▶ Input data:
== == ==
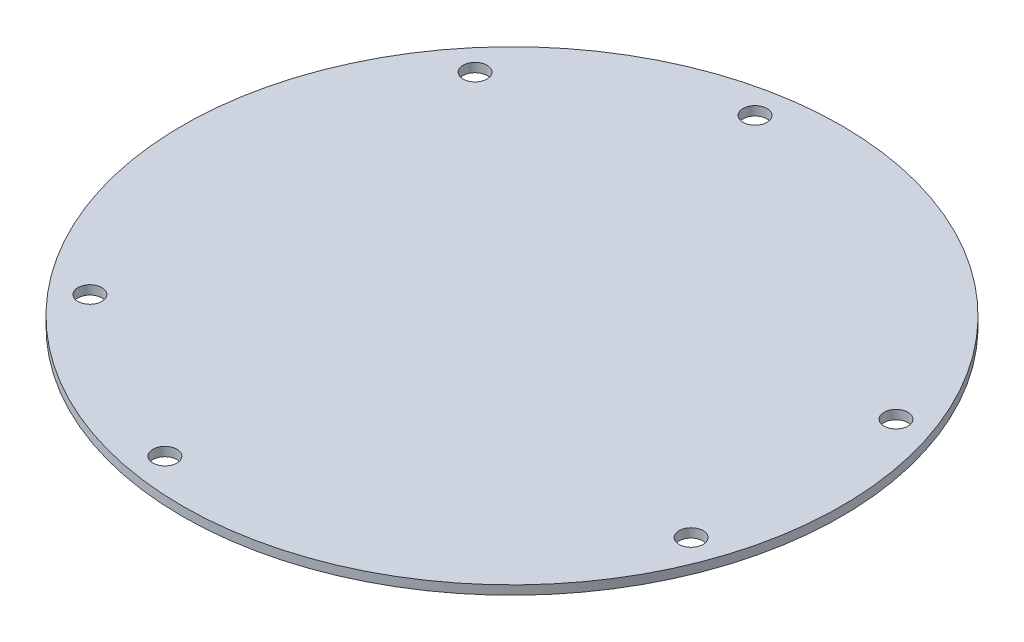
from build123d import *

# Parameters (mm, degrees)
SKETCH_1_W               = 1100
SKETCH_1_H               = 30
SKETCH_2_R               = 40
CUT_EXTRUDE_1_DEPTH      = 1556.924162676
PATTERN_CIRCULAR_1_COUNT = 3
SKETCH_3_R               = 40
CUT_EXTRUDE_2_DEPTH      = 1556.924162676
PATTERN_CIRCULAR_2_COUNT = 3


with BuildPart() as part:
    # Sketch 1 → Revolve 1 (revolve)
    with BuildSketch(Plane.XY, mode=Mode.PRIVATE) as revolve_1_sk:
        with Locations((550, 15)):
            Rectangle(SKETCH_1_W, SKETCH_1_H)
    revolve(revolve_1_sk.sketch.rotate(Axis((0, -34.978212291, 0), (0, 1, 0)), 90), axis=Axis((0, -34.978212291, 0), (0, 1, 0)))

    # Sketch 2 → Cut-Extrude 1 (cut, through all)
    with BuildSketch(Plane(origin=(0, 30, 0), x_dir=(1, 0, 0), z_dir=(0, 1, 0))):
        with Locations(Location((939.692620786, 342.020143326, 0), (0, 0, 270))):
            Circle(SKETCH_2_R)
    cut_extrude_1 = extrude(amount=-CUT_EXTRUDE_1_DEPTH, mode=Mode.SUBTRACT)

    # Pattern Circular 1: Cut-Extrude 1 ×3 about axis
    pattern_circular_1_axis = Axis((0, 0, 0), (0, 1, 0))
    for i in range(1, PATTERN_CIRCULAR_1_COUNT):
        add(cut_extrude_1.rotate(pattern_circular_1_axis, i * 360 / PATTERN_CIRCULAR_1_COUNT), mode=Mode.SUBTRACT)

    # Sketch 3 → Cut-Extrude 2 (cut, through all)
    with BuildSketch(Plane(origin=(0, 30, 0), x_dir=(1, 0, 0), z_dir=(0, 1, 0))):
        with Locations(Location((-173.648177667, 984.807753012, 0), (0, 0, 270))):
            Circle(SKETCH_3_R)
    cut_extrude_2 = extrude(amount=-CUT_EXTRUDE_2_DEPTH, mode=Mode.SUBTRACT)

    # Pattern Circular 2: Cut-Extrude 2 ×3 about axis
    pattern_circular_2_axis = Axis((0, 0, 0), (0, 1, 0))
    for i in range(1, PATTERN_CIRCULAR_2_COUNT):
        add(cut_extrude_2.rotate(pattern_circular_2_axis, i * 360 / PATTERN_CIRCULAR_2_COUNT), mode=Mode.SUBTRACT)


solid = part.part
== == ==
Every line in the listing that holds "with" belongs in the answer.

with BuildPart() as part:
    with BuildSketch(Plane.XY, mode=Mode.PRIVATE) as revolve_1_sk:
        with Locations((550, 15)):
    with BuildSketch(Plane(origin=(0, 30, 0), x_dir=(1, 0, 0), z_dir=(0, 1, 0))):
        with Locations(Location((939.692620786, 342.020143326, 0), (0, 0, 270))):
    with BuildSketch(Plane(origin=(0, 30, 0), x_dir=(1, 0, 0), z_dir=(0, 1, 0))):
        with Locations(Location((-173.648177667, 984.807753012, 0), (0, 0, 270))):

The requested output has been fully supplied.